In the 1955 movie “Summertime” there is a scene with Katharine Hepburn sitting alone at a cafe in Venice’s Piazza San Marco. She plays a maiden lady from Ohio, gamely coping with solitude but painfully needy, come to Italy “to find what she’s been missing all her life.” She fidgets, adjusts her collar, points her camera across the piazza and tries to get the waiter’s attention, without success.

The young Hepburn makes a rather unconvincing needy spinster, and when the camera fastens on the heart-palpitating figure of Rossano Brazzi, alone but perfectly comfortable at a table nearby, there can be little doubt about where the film is headed.
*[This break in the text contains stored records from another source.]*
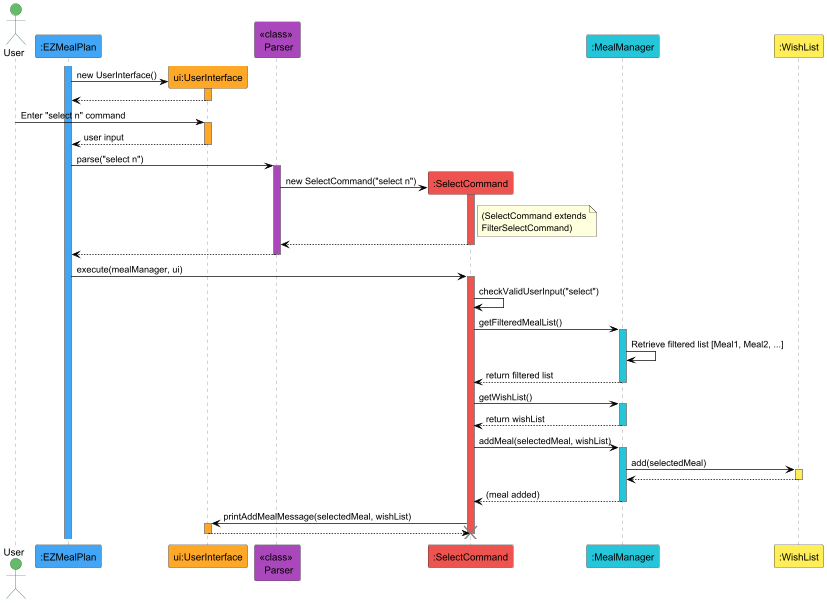

The diagram above was rendered by PlantUML. Its source (embedded in the PNG):
@startuml
' 颜色定义
skinparam actorBackgroundColor #66BB6A
skinparam actorBorderColor #1B5E20

' 参与者颜色定义
actor User
participant ":EZMealPlan" as EZ #42A5F5
participant "ui:UserInterface" as UI #FFA726
participant "<<class>> \n Parser" as Parser #AB47BC
' Represent the abstract parent class as a separate participant for inherited methods.
'participant "FilterSelectCommand" as FSC #9C27B0
participant ":SelectCommand" as SC #EF5350
participant ":MealManager" as MM #26C6DA
participant ":WishList" as WL #FFEE58

' 激活条和箭头样式
skinparam sequenceLifeLineBorderColor gray
skinparam sequenceArrowColor black

' --- Application Startup ---
activate EZ #42A5F5
create UI
EZ -> UI: new UserInterface()
activate UI #FFA726
UI --> EZ:
deactivate UI

' --- User enters the "select" command ---
User -> UI: Enter "select n" command
activate UI #FFA726
UI --> EZ: user input
deactivate UI

EZ -> Parser: parse("select n")
activate Parser #AB47BC
create SC
Parser -> SC: new SelectCommand("select n")
activate SC #EF5350
note right of SC: (SelectCommand extends\nFilterSelectCommand)
SC --> Parser
deactivate SC
Parser --> EZ:
deactivate Parser

' --- Inherited input validation ---
EZ -> SC: execute(mealManager, ui)
activate SC #EF5350
SC -> SC: checkValidUserInput("select")

' --- Execute the SelectCommand ---


SC -> MM: getFilteredMealList()
activate MM #26C6DA
MM -> MM: Retrieve filtered list [Meal1, Meal2, ...]
MM --> SC: return filtered list
deactivate MM

SC -> MM: getWishList()
activate MM #26C6DA
MM --> SC: return wishList
deactivate MM

SC -> MM: addMeal(selectedMeal, wishList)
activate MM #26C6DA

MM -> WL: add(selectedMeal)
activate WL #FFEE58
WL --> MM
deactivate WL

MM --> SC: (meal added)
deactivate MM

SC -> UI: printAddMealMessage(selectedMeal, wishList)
activate UI #FFA726
UI --> SC
deactivate UI
deactivate SC
destroy SC

@enduml
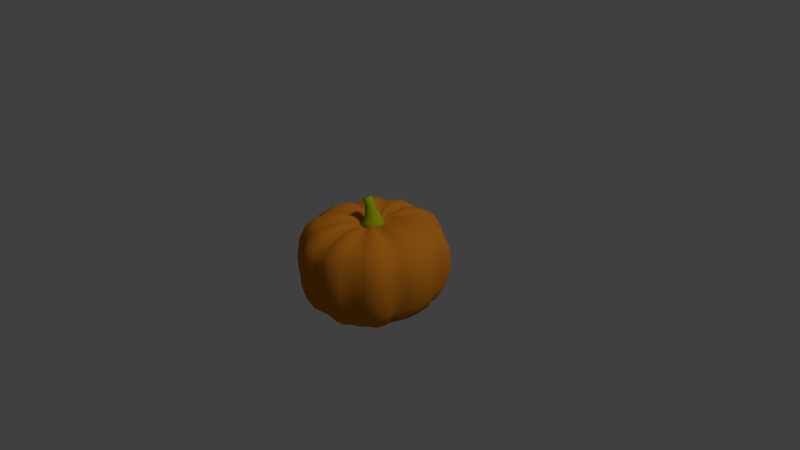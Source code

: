 # Source: Pumpkin.blend  (saved by Blender 2.76.0; exported with 4.5.12 LTS)
import bpy
from mathutils import Matrix  # noqa: F401  (used for matrix-valued properties, if any)

bpy.ops.wm.read_factory_settings(use_empty=True)
scene = bpy.context.scene
scene.name = 'Pumpkin'

# ---- collections
col_collection_1_001 = bpy.data.collections.new('Collection 1.001'); scene.collection.children.link(col_collection_1_001)

# ---- materials (node trees are filled in below, after node groups)
mat_x = bpy.data.materials.new('マテリアル')
mat_x.alpha_threshold = 0.0
mat_x.use_transparent_shadow = False
mat_x.diffuse_color = (0.6038, 0.1974, 0.01381, 1.0)
mat_x.specular_color = (1.0, 0.8781, 0.08621)
mat_x.roughness = 0.5
mat_x.specular_intensity = 0.2571
mat_001 = bpy.data.materials.new('マテリアル.001')
mat_001.alpha_threshold = 0.0
mat_001.use_transparent_shadow = False
mat_001.diffuse_color = (0.3532, 0.4575, 0.001119, 1.0)
mat_001.specular_color = (0.0, 0.448, 0.003544)
mat_001.roughness = 0.5
mat_001.specular_intensity = 0.1

# ---- material node trees

# ---- world
world_world = bpy.data.worlds.new('World'); scene.world = world_world
world_world.color = (0.05088, 0.05088, 0.05088)
world_world.use_sun_shadow = False
world_world.sun_shadow_jitter_overblur = 0.0
world_world.cycles.sampling_method = 'MANUAL'
world_world.cycles.sample_map_resolution = 256

# ---- cameras
cam_camera = bpy.data.cameras.new('Camera')
cam_camera.clip_end = 100.0
cam_camera.lens = 35.0
cam_camera.sensor_width = 32.0
cam_camera.sensor_height = 18.0
cam_camera.ortho_scale = 7.314
cam_camera.dof.focus_distance = 0.0
cam_camera.dof.aperture_fstop = 128.0

# ---- lights
light_lamp = bpy.data.lights.new('Lamp', 'SUN')
light_lamp.transmission_factor = 0.0
light_lamp.cutoff_distance = 30.0
light_lamp.angle = 0.1993
light_lamp.energy = 1.0
light_lamp.shadow_buffer_clip_start = 1.001
light_lamp.shadow_soft_size = 0.1
light_lamp.shadow_cascade_max_distance = 1000.0
light_lamp.cycles.use_multiple_importance_sampling = False

# ---- meshes
me_x = bpy.data.meshes.new('球')
me_x.from_pydata([(-3.894e-07, 0.0, -0.666), (-7.153e-07, -2.086e-07, 0.347), (0.2186, -0.1227, 0.4792), (0.4257, -0.2059, 0.4429), (0.6307, -0.2805, 0.4043), (0.736, -0.3222, 0.3574), (0.7826, -0.3399, 0.1685), (0.8092, -0.3386, -0.003834), (0.7816, -0.3364, -0.1973), (0.7534, -0.334, -0.3872), (0.6887, -0.3116, -0.5432), (0.595, -0.2804, -0.6482), (0.3054, -0.16, -0.7262), (0.1376, -0.2418, 0.4892), (0.2524, -0.4238, 0.4755), (0.3872, -0.6093, 0.4328), (0.4531, -0.6892, 0.3672), (0.4902, -0.7398, 0.1738), (0.5028, -0.7624, -0.002854), (0.5083, -0.7714, -0.197), (0.4804, -0.7437, -0.3778), (0.437, -0.6875, -0.5447), (0.3674, -0.5861, -0.669), (0.1903, -0.3213, -0.7246), (-4.172e-07, -0.2743, 0.4739), (-4.47e-07, -0.5129, 0.4556), (-5.364e-07, -0.6976, 0.404), (-4.396e-07, -0.8473, 0.3272), (-4.694e-07, -0.9116, 0.2008), (-5.588e-07, -0.9278, 7.637e-08), (-4.694e-07, -0.9251, -0.2008), (-4.694e-07, -0.8628, -0.388), (-4.098e-07, -0.7902, -0.5556), (-4.992e-07, -0.6849, -0.6338), (-4.023e-07, -0.394, -0.7495), (0.04481, -0.2707, 0.5048), (0.1016, -0.246, 0.5006), (0.1153, -0.9114, -0.3963), (0.3636, -0.8448, -0.38), (0.3848, -0.8963, -0.2008), (0.1254, -0.9677, -0.2078), (0.1128, -0.9338, 0.1986), (0.3805, -0.8637, 0.2013), (0.3381, -0.7837, 0.3724), (0.09549, -0.8465, 0.3635), (0.1395, -0.3449, -0.7495), (0.06725, -0.3702, -0.7495), (0.06437, -0.4725, 0.5254), (0.1927, -0.4441, 0.5211), (0.11, -0.8111, -0.5611), (0.3219, -0.7748, -0.546), (0.1147, -0.9711, 0.00466), (0.3936, -0.8905, 0.001304), (0.08745, -0.6816, 0.4757), (0.2778, -0.6398, 0.4743), (0.08904, -0.671, -0.6844), (0.2641, -0.6366, -0.6667), (0.5393, -0.6349, -0.5563), (0.7107, -0.4193, -0.5393), (0.7821, -0.4415, -0.3856), (0.5982, -0.7009, -0.3903), (0.6403, -0.7397, -0.005587), (0.8323, -0.4742, -0.005603), (0.8127, -0.4747, 0.1729), (0.6156, -0.7017, 0.1672), (0.4458, -0.5167, 0.4906), (0.5826, -0.3493, 0.4786), (0.4095, -0.2571, 0.5357), (0.2959, -0.3519, 0.539), (0.4469, -0.5048, -0.6722), (0.5681, -0.3368, -0.6707), (0.6284, -0.7391, -0.2008), (0.8174, -0.4711, -0.2032), (0.5509, -0.6408, 0.3718), (0.7326, -0.4161, 0.3653), (0.2233, -0.2625, -0.7499), (0.2808, -0.1983, -0.7495), (0.1535, -0.1904, 0.5213), (0.1934, -0.1482, 0.5217), (0.8801, -0.2514, -0.2008), (0.9034, -0.2518, -0.004699), (0.7866, -0.2387, 0.372), (0.6397, -0.1938, 0.4635), (0.3262, -0.1105, -0.7315), (0.6182, -0.2023, -0.6495), (0.2302, -0.07355, 0.5048), (0.8216, -0.253, -0.3909), (0.875, -0.2469, 0.1893), (0.4613, -0.1484, 0.501), (0.7627, -0.2427, -0.5487), (0.9384, -1.318e-09, -0.2003), (0.9538, 0.0, -0.004637), (0.8289, 0.0, 0.3916), (0.6786, 0.0, 0.4803), (0.3387, 0.0, -0.7607), (0.6443, 0.0, -0.6735), (0.2442, 0.0, 0.5209), (0.8766, -2.131e-09, -0.3912), (0.9097, 0.0, 0.1889), (0.5015, 0.0, 0.5237), (0.7974, -1.066e-09, -0.5472), (0.6506, -0.5588, -0.5484), (0.7155, -0.604, -0.3886), (0.7606, -0.6412, -0.006219), (0.7377, -0.6228, 0.1694), (0.5377, -0.4659, 0.4899), (0.3899, -0.3358, 0.547), (0.5338, -0.4506, -0.6719), (0.7476, -0.6387, -0.2026), (0.6654, -0.5627, 0.368), (0.257, -0.23, -0.7501), (0.1836, -0.1741, 0.5304), (0.07838, -0.273, 0.5161), (0.253, -0.9154, -0.3882), (0.2686, -0.9692, -0.2043), (0.2602, -0.936, 0.2), (0.2304, -0.8524, 0.368), (0.1069, -0.3596, -0.7495), (0.1421, -0.4956, 0.5316), (0.2295, -0.8302, -0.5536), (0.2677, -0.9681, 0.002982), (0.1962, -0.698, 0.4697), (0.1901, -0.6911, -0.6756)], [], [(79, 80, 7, 8), (81, 82, 4, 5), (83, 84, 11, 12), (86, 79, 8, 9), (87, 81, 5, 6), (88, 85, 2, 3), (89, 86, 9, 10), (80, 87, 6, 7), (82, 88, 3, 4), (84, 89, 10, 11), (57, 60, 20, 21), (61, 64, 17, 18), (65, 68, 14, 15), (69, 57, 21, 22), (71, 61, 18, 19), (73, 65, 15, 16), (75, 69, 22, 23), (60, 71, 19, 20), (64, 73, 16, 17), (68, 77, 13, 14), (37, 40, 30, 31), (41, 44, 27, 28), (47, 35, 24, 25), (49, 37, 31, 32), (51, 41, 28, 29), (53, 47, 25, 26), (55, 49, 32, 33), (40, 51, 29, 30), (44, 53, 26, 27), (46, 55, 33, 34), (13, 77, 1), (111, 78, 1), (75, 0, 110), (24, 35, 1), (46, 0, 117), (23, 22, 56, 45), (117, 122, 55, 46), (16, 15, 54, 43), (116, 121, 53, 44), (19, 18, 52, 39), (114, 120, 51, 40), (22, 21, 50, 56), (122, 119, 49, 55), (15, 14, 48, 54), (121, 118, 47, 53), (18, 17, 42, 52), (120, 115, 41, 51), (21, 20, 38, 50), (119, 113, 37, 49), (14, 13, 36, 48), (118, 112, 35, 47), (17, 16, 43, 42), (115, 116, 44, 41), (20, 19, 39, 38), (113, 114, 40, 37), (112, 36, 1), (13, 1, 36), (3, 2, 78, 67), (106, 111, 77, 68), (6, 5, 74, 63), (104, 109, 73, 64), (9, 8, 72, 59), (102, 108, 71, 60), (12, 11, 70, 76), (110, 107, 69, 75), (5, 4, 66, 74), (109, 105, 65, 73), (8, 7, 62, 72), (108, 103, 61, 71), (11, 10, 58, 70), (107, 101, 57, 69), (4, 3, 67, 66), (105, 106, 68, 65), (7, 6, 63, 62), (103, 104, 64, 61), (10, 9, 59, 58), (101, 102, 60, 57), (95, 100, 89, 84), (93, 99, 88, 82), (91, 98, 87, 80), (100, 97, 86, 89), (99, 96, 85, 88), (98, 92, 81, 87), (97, 90, 79, 86), (94, 95, 84, 83), (92, 93, 82, 81), (90, 91, 80, 79), (2, 1, 78), (2, 85, 1), (94, 83, 0), (83, 12, 0), (0, 12, 76), (75, 23, 0), (0, 23, 45), (46, 34, 0), (96, 1, 85), (58, 59, 102, 101), (62, 63, 104, 103), (66, 67, 106, 105), (70, 58, 101, 107), (72, 62, 103, 108), (74, 66, 105, 109), (76, 70, 107, 110), (59, 72, 108, 102), (63, 74, 109, 104), (67, 78, 111, 106), (38, 39, 114, 113), (42, 43, 116, 115), (48, 36, 112, 118), (50, 38, 113, 119), (52, 42, 115, 120), (54, 48, 118, 121), (56, 50, 119, 122), (39, 52, 120, 114), (43, 54, 121, 116), (45, 56, 122, 117), (0, 76, 110), (0, 45, 117), (77, 111, 1), (35, 112, 1)])
me_x.polygons.foreach_set('use_smooth', [True] * 120)
_uv = me_x.uv_layers.new(name='UVマップ')
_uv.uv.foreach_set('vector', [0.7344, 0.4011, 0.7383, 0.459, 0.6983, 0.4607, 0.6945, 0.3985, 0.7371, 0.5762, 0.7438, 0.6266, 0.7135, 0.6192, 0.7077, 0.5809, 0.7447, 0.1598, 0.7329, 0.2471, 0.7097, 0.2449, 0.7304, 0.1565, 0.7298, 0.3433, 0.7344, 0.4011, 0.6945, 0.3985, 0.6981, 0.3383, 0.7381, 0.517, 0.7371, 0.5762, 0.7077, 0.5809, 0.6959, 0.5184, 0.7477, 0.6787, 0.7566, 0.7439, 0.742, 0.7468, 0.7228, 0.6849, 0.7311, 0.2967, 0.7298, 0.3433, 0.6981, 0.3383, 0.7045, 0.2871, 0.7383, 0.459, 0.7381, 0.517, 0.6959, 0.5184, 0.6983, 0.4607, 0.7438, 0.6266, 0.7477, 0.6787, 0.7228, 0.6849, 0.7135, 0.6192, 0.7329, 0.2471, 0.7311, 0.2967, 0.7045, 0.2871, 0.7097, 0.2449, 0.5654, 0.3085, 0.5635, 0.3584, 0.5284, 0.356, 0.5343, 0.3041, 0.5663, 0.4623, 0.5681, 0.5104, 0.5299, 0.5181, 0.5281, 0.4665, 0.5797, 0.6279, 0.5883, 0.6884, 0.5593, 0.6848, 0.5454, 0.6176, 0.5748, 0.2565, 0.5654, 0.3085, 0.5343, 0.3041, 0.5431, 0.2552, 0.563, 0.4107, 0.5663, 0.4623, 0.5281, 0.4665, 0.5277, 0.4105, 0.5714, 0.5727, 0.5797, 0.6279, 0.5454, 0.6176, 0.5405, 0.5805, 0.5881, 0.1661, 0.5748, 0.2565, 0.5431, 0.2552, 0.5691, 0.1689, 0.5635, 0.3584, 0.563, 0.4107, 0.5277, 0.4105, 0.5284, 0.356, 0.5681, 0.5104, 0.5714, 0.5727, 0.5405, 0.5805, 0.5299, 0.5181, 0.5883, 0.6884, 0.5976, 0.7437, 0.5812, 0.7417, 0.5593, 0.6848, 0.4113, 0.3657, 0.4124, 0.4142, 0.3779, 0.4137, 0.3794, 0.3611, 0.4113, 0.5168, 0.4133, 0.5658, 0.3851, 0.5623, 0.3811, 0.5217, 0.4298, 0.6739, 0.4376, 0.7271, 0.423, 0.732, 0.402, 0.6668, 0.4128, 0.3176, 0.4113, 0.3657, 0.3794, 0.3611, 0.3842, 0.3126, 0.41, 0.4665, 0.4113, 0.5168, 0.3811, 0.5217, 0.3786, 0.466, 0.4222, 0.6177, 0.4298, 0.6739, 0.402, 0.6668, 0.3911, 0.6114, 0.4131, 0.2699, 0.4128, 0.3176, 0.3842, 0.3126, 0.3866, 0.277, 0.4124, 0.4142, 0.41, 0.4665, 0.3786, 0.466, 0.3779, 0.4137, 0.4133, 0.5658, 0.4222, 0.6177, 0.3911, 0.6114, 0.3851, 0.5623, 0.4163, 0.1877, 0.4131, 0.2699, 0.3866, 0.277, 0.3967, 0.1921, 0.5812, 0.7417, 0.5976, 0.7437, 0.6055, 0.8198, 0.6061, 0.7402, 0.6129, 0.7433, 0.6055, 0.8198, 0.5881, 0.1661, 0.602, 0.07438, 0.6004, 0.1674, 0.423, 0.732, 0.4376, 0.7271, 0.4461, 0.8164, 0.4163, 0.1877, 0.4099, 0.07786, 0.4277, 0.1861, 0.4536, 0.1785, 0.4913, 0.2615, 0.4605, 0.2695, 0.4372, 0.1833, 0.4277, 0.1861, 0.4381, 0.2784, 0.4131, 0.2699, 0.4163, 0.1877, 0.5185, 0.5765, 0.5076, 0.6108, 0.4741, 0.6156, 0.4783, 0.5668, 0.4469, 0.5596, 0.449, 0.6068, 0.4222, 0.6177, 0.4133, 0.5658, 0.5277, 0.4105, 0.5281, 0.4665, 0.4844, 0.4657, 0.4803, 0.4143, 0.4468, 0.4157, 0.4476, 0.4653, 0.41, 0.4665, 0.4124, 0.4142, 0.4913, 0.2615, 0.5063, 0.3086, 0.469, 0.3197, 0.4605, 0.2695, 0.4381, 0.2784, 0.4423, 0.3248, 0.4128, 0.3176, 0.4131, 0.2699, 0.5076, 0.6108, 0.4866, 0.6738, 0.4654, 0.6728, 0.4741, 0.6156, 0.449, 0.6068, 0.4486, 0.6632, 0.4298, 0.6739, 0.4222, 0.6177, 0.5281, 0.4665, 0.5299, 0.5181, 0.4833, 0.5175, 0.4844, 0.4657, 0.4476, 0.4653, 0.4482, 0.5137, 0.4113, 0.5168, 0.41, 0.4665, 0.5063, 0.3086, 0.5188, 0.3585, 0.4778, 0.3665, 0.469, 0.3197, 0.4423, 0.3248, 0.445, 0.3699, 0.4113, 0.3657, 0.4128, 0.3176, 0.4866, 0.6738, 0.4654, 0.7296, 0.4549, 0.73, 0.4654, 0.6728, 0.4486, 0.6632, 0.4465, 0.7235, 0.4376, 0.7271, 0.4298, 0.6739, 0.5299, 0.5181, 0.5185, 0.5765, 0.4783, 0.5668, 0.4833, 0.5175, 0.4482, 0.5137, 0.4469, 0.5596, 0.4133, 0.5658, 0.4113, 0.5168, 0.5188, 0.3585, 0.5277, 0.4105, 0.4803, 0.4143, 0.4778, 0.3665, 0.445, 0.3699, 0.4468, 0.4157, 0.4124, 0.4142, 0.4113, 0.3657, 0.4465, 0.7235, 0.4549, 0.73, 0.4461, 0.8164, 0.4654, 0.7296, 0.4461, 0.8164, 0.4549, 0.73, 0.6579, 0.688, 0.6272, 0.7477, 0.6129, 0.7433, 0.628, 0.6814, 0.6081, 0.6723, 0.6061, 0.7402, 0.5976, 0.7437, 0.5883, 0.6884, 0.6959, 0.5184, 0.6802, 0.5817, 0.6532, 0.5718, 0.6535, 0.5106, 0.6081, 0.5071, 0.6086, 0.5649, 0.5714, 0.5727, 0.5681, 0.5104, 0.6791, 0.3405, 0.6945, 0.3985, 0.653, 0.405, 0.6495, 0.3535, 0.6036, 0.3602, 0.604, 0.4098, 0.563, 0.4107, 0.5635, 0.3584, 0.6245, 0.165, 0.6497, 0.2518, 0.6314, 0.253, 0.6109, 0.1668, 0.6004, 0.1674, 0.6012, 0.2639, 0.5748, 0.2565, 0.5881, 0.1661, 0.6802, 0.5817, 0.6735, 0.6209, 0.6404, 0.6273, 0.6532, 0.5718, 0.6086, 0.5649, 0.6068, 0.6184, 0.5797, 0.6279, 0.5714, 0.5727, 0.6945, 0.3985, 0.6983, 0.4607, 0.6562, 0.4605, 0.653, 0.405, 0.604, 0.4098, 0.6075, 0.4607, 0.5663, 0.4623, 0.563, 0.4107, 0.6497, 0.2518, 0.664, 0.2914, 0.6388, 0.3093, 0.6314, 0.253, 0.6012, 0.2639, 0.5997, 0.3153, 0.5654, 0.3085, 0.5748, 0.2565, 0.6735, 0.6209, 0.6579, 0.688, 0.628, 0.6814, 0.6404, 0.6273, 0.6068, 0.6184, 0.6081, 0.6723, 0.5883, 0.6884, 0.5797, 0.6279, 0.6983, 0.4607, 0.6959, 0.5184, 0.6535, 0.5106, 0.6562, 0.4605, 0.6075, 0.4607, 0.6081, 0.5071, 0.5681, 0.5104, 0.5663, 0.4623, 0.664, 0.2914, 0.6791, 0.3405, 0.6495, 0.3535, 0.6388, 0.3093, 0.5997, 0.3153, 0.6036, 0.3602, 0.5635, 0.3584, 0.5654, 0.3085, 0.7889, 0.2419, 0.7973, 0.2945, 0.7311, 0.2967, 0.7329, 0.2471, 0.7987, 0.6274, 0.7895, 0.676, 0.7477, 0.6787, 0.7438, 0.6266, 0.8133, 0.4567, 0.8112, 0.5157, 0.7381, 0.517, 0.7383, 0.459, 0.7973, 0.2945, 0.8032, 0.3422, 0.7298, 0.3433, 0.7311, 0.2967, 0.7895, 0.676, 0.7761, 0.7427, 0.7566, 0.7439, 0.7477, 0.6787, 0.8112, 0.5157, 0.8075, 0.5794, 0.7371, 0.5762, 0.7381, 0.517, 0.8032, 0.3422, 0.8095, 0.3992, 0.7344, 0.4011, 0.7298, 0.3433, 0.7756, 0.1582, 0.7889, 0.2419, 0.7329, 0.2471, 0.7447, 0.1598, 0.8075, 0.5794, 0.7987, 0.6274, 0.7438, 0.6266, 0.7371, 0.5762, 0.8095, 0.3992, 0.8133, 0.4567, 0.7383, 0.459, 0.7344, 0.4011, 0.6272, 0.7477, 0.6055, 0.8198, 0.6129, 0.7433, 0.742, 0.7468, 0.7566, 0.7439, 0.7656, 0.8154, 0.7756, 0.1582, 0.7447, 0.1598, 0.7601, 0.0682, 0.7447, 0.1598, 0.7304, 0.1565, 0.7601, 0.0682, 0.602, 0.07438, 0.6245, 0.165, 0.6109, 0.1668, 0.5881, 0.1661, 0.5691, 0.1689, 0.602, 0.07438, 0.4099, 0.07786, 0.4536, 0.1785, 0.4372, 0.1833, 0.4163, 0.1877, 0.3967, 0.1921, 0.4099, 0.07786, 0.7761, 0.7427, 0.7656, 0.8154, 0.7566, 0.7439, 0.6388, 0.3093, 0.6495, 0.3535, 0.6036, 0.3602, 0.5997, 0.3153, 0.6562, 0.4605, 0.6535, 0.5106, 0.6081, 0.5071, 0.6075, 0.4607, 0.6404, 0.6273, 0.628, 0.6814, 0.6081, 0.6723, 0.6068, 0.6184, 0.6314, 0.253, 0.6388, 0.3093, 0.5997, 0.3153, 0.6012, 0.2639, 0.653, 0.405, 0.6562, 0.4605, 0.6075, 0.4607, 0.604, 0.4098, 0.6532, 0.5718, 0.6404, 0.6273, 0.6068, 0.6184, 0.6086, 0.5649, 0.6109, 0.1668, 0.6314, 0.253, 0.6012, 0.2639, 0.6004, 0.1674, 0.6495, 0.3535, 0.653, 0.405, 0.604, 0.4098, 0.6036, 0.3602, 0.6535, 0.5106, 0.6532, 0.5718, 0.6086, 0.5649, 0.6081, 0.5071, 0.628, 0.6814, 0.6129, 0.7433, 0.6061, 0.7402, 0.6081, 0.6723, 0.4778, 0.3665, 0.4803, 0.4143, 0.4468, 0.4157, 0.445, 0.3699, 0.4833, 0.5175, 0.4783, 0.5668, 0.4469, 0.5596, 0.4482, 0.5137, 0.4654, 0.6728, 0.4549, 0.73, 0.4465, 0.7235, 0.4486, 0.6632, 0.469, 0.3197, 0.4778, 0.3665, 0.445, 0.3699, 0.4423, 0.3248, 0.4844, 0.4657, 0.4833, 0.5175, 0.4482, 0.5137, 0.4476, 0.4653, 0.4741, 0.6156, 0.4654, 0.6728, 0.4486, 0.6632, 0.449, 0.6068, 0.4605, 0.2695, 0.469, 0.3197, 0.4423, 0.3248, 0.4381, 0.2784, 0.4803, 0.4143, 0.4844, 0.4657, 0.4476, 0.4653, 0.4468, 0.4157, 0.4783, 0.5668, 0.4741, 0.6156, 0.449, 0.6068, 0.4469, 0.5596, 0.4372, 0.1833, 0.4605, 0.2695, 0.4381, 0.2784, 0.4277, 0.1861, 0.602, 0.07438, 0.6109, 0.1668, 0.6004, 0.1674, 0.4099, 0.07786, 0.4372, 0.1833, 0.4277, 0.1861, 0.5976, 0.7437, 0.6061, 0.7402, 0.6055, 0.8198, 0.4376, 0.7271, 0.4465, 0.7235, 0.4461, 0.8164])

Still, for women who dine out alone, especially abroad, the cafe scene rings excruciatingly true. Solo dining in restaurants makes some so uneasy that they grab meals in food stalls and order room service in hotels to avoid the ordeal, or solve the problem--sadly--by not traveling at all.

Several years ago in New York, I took myself to the renowned French restaurant Lutece. It was early afternoon, so the normally formal atmosphere was somewhat relaxed and I could easily afford the fixed-price lunch. The glassware glistened, the service was flawless and the quail in puff pastry tasted divine.

But the longer I sat there, surrounded by couples bearing “the overly conspicuous marks of extreme happiness” (as Colette put it in one short story), the more like an eyesore I felt. When one waiter politely asked why I was alone, I detected pity in his tone. So I lied, saying my husband was doing business in New York and I had come along.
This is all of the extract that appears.